Diğer Makaleler

Hakkımızda

Avukat Mehmet Genç

İstanbul Barosu'na kayıtlı olan Avukat Mehmet Genç, mezun olduğu tarihten bu yana avukatlık mesleğini aralıksız olarak sürdürmektedir. İstanbul Barosu bünyesinde kurduğu avukatlık bürosuyla Ceza Hukuku, Miras Hukuku, Gayrimenkul Hukuku, Bilişim Hukuku başta olmak üzere birçok hukuk alanında avukatlık faaliyeti göstermektedir.

Devamını Oku
Mobbing Davasında Delil Nasıl Toplanır?

Mobbing Nedir ve Hukuki Tanımı

“Mobbing” kavramı, işyerinde bir çalışanın sistematik, kasıtlı ve sürekli biçimde psikolojik baskı, dışlama, küçük düşürme veya itibarsızlaştırmaya maruz kalması durumunu ifade eder. Bu durum, çalışanın hem psikolojik sağlığını hem de profesyonel yaşamını olumsuz etkiler.

Hukukumuzda doğrudan mobbingin tanımı bulunmasa da, Yargıtay’ın bu konudaki kararları kavramın içeriğini belirler niteliktedir.

Bir mobbing davası açıldığında, mağdurun yaşadığı baskının somut şekilde ortaya konması gerekir. Bu nedenle mobbing davası delilleri (e-posta, mesaj, tanık beyanı, ses kaydı gibi unsurlar) sürecin en belirleyici aşamasını oluşturur.

Yargıtay Kararlarına Göre Mobbing Kriterleri

Yargıtay, yıllar içinde verdiği birçok kararda mobbingin hangi şartlarda kabul edileceğini belirlemiştir. Örneğin; tek seferlik olumsuz davranışların mobbing olarak değerlendirilemeyeceği, eylemlerin süreklilik ve sistematiklik göstermesi gerektiği kararlar arasındadır. Mobbing olarak değerlendirilebilecek durumlara örnek olarak ise mağdurun küçük düşürülmesi, dışlanması, görev ve yetkilerinin haksız şekilde azaltılması gibi davranışlar sayılabilir.

İş Kanunu ve Borçlar Kanunu’nda Dayanak

Mobbing, doğrudan 4857 sayılı İş Kanunu’nda düzenlenmemiş olsa da, 24. madde uyarınca işçinin kişilik haklarının ihlal edilmesi durumunda iş sözleşmesini haklı nedenle feshetme hakkı bulunmaktadır.

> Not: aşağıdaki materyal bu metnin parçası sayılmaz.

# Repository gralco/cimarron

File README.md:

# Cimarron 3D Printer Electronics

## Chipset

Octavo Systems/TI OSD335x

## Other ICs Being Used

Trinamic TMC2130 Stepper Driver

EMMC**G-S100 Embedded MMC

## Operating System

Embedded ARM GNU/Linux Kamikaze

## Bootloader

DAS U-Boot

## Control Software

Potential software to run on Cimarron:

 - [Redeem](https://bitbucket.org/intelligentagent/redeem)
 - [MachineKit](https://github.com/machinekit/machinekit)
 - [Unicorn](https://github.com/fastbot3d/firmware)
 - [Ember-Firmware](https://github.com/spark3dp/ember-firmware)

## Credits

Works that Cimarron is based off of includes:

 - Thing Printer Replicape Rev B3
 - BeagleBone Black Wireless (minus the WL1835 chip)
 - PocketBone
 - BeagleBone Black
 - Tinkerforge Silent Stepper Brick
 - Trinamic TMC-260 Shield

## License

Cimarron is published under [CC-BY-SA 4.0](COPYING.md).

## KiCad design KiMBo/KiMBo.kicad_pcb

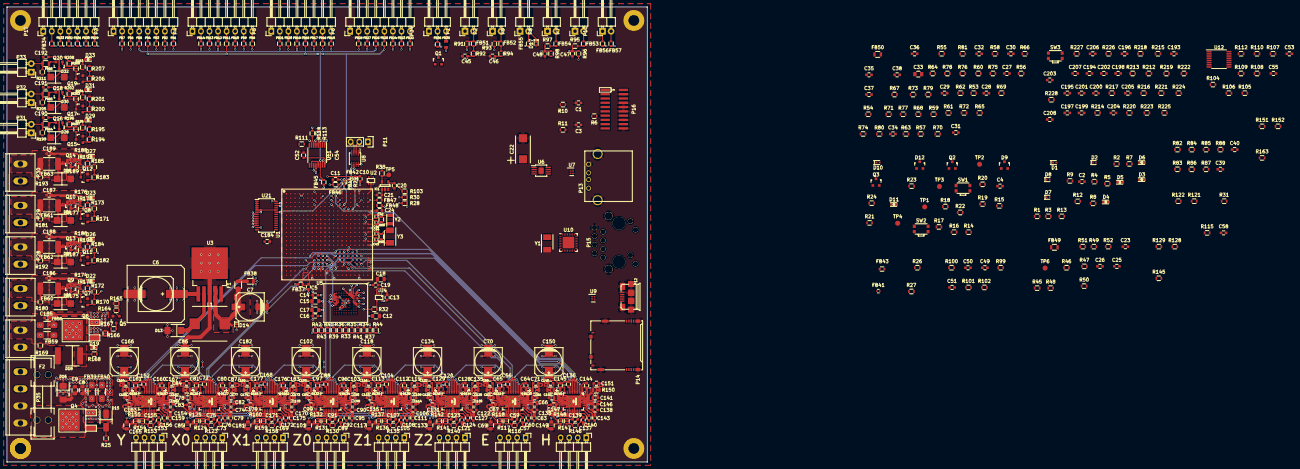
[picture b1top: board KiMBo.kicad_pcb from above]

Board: 6 copper layers, 190.0 x 135.0 mm, 628 parts (0 on the bottom side), 443 nets.

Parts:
C1, C3, C5, C10, C11, C13, C14, C16, C19, C20, C21, C23, C24, C25, C26, C29, C30, C31, C49, C50, C51, C52, C53, C54, C55, C56, C58, C63, C66, C67, C68, C71, C72, C74, C79, C82, C83, C84, C87, C88, C90, C95, C98, C99, C100, C103, C104, C106, C111, C114, C115, C116, C119, C120, C122, C127, C130, C131, C132, C135, C136, C138, C138#2, C143, C146, C147, C148, C151, C152, C154, C159, C162, C163, C164, C167, C168, C170, C175, C178, C179, C180, C183, C184: 100nF; C_0603
C2, C60, C76, C92, C108, C124, C140, C156, C172: 22nF; C_0603
C4: 2.2μF; C_0603
C6: 470μF; c_elec_16x16.5
C7: 220μF; c_elec_8x10.2
C8, C9: 22μF; C_0805
C12, C15, C17: 2.2μF; C_0805
C18: 4.7μF; C_0805
C22: 220μF; TantalC_SizeD_EIA-7343_Reflow
C27, C28: 30pF; C_0603
C32, C61, C62, C64, C65, C77, C78, C80, C81, C93, C94, C96, C97, C109, C110, C112, C113, C125, C126, C128, C129, C141, C142, C144, C145, C157, C158, C160, C161, C173, C174, C176, C177: 470pF; C_0603
C33, C69, C85, C101, C117, C133, C149, C165, C181: 10μF; C_0805
C34: 1μF; C_0603
C35, C36, C37, C38: DNP-15pF; C_0603
C39, C40: 10μF; C_0603
C41, C42, C43, C44: 18pF; Crystal_C_0402
C45, C46, C59, C75, C91, C107, C123, C139, C155, C171: 4.7μF; C_0603
C47, C48: 39nF; C_0603
C57, C73, C89, C105, C121, C137, C153, C169: 470nF; C_0603
C70, C86, C102, C118, C134, C150, C166, C182: 100μF; c_elec_8x10
C185, C186, C187, C188, C189, C190, C191, C192: 4.7nF; C_0603
C193, C194, C195, C196, C197, C198, C199, C200, C201, C202, C203, C204, C205, C206, C207, C208: 47pF; C_0603
D1, D10, D17: TPD1E04U04DPYR; TPD_PX1SON
D2, D7, D8, D14: D5V0F1U2S9; SOD-923
D3, D4, D5, D6, D11, D19, D22, D23, D26, D27, D29, D31, D33: LED; LED_0603
D9: TLVH431; SOT-23
D12: DNP-TLVH431; SOT-23
D13: SK54A-LTP; SK-DO-214AC
D15: SMAZ10; SMA-DO-214AC
D16: SMAJ26A; SK-DO-214AC
D18: SK1545-TP; SK-DO-214AB
D20, D21, D24, D25, D28, D30, D32: MBRA340T3; MBR-DO-214AC
F1: PTC; PTC_SMD0805_Reflow
F2: 0891020.NXS; 3557-2-Fuseholder
FB1, FB2, FB8, FB9, FB15, FB16, FB22, FB23, FB29, FB37: MPZ1608S102ATA00; Ferrite_Bead_0603
FB3, FB4, FB5, FB6, FB7, FB10, FB11, FB12, FB13, FB14, FB17, FB18, FB19, FB20, FB21, FB24, FB25, FB26, FB27, FB28, FB30, FB31, FB32, FB33, FB34, FB36, FB42, FB43, FB45, FB46, FB47, FB48, FB51, FB52, FB53, FB54, FB55, FB56, FB57: MMZ1608A252BTA00; Ferrite_Bead_0603
FB35, FB38: MPZ2012S601AT000; Ferrite_Bead_0805
FB39, FB40, FB58, FB59: BLM31SN500SN1L; R_1206_HandSoldering
FB41, FB44: BLM15AG102SN1D; R_0402
FB49, FB50: LI0805H151R-10; R_0805
FB60, FB61, FB62, FB63: FBMH4532HM132-T; Ferrite_Bead_1812
FB64, FB65, FB66: CIM21J202NE; R_0805
IC1: 24LC32AT-I/OT; SOT-23-5
L1: 47μH; IHLP_Inductor
P1: BED_THERM; Pin_Header_Angled_1x02
P2: ADC; Pin_Header_Angled_1x02
P3: TOOLHEAD0; Pin_Header_Angled_1x08
P4: TOOLHEAD1; Pin_Header_Angled_1x08
P5: DOCK0; Pin_Header_Angled_1x08
P6: DOCK1; Pin_Header_Angled_1x08
P7: X1; Pin_Header_Angled_1x02
P8: Y1; Pin_Header_Angled_1x02
P9: Z1; Pin_Header_Angled_1x02
P10: ENC; Pin_Header_Angled_1x02
P11: Serial; Pin_Header_Straight_1x03
P12: μUSB; USB_MICRO_B_ST-USB-001E
P13: USB_Type_A; USB_A
P14: μSD; SCHA5B0200
P15: Ethernet; Ethernet-LPJ0011BBNL
P16: JTAG
P17: LCD; Pin_Header_Angled_1x07
P18: E_MOTOR; Pin_Header_Angled_1x04
P19: H_MOTOR; Pin_Header_Angled_1x04
P20: X0_MOTOR; Pin_Header_Angled_1x04
P21: X1_MOTOR; Pin_Header_Angled_1x04
P22: Y_MOTOR; Pin_Header_Angled_1x04
P23: Z0_MOTOR; Pin_Header_Angled_1x04
P24: Z1_MOTOR; Pin_Header_Angled_1x04
P25: Z2_MOTOR; Pin_Header_Angled_1x04
P26: BED_HEAT; euro_header_2_angled
P27: E_HEAT; euro_header_2_angled
P28: H_HEAT; euro_header_2_angled
P29: DOCK0_HEAT; euro_header_2_angled
P30: DOCK1_HEAT; euro_header_2_angled
P31: E_FAN; Pin_Header_Angled_1x02
P32: H_FAN; Pin_Header_Angled_1x02
P33: CASE_FAN; Pin_Header_Angled_1x02
P34: PWM; Pin_Header_Angled_1x03
P35: PWR_Input; euro_header_4_angled
Q1, Q5, Q7, Q8, Q11, Q12, Q15, Q17, Q19: 2N7002; SOT-23
Q2: MMBT2907; SOT-23
Q3: DNP-MMBT2907; SOT-23
Q4, Q6: IPD90P03P4-04; TO-252-2Lead
Q9, Q10, Q13, Q14, Q16, Q18, Q20: DMP3098L-7; SOT-23
R1, R2, R3, R4: 1kΩ; R_0603
R5, R8: 470Ω; R_0603
R6, R10, R11, R20, R26, R27, R118, R125, R132, R137, R142, R148, R155, R160: 4.75kΩ; R_0603
R7, R14, R15, R18, R33, R34, R35, R36, R37, R38, R39, R40, R41, R42, R43, R44, R47, R71, R73, R75, R77, R78, R82, R83, R84, R85, R86, R87, R88, R92, R94, R168, R169, R178, R179, R180, R181, R190, R191, R192, R193, R198, R199, R204, R205, R210, R211: 10kΩ; R_0603
R9, R28, R29, R30, R31, R32, R45, R49, R51, R66: 0Ω; R_0603
R12, R13, R91, R93, R96, R98, R100, R101, R102, R103, R104, R105, R106, R107, R108, R109, R110, R111, R112, R113, R114, R115, R121, R122, R128, R129, R145, R151, R152, R163, R165, R166, R167, R172, R173, R174, R175, R176, R177, R184, R185, R186, R187, R188, R189, R195, R196, R197, R201, R202, R203, R207, R208, R209: 4.7kΩ; R_0603
R16: 499Ω; R_0603
R17, R22: DNPΩ; R_0603
R19: 40.2kΩ; R_0603
R21: DNP-499Ω; R_0603
R23: DNP-10kΩ; R_0603
R24: DNP-40.2kΩ; R_0603
R25, R52, R212, R214, R215, R216, R217, R218, R219, R220, R221, R222, R223, R224, R225, R226, R227, R228: 100kΩ; R_0603
R46, R48, R68, R79, R80, R81: 1.5kΩ; R_0603
R50: 100mΩ; R_0603
R53, R164, R170, R171, R182, R183, R194, R200, R206: 10Ω; R_0603
R54, R89: DNP-1MΩ; R_0603
R55: DNP-10Ω; R_0603
R56, R57, R58, R59, R60, R61, R62, R63, R64, R65, R95, R97, R99, R213: 100Ω; R_0603
R67: DNP-0Ω; R_0603
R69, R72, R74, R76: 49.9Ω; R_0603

Ayrıca 6098 sayılı Türk Borçlar Kanunu’nun 417. maddesi, işverenin işçiyi gözetme borcuna açıkça yer verir. Bu maddeye göre işveren, işçinin kişiliğini korumak, saygılı bir çalışma ortamı sağlamak ve psikolojik tacizden kaçınmakla yükümlüdür. İşveren bu yükümlülüğünü ihlal ettiğinde, işçi mobbing kapsamında manevi tazminat talebinde bulunabilir.

Delil Olarak E-posta ve Mesajlar

Mobbing iddialarında delil toplamak, davanın seyrini etkileyen en önemli husustur. Özellikle e-postalar, WhatsApp yazışmaları, SMS’ler ve diğer dijital mesajlar, işyerinde yaşanan baskının sistematikliğini gösterebilir.

Birçok mobbing davası delili, bu tür yazışmalardan elde edilir. Örneğin, işverenin küçümseyici veya aşağılayıcı bir dil kullandığı e-postalar, çalışanın sürekli haksız eleştirilere maruz kaldığını kanıtlayabilir. Ancak bu delillerin mahkemede geçerli olabilmesi için, hukuka uygun şekilde elde edilmiş olmaları gerekir.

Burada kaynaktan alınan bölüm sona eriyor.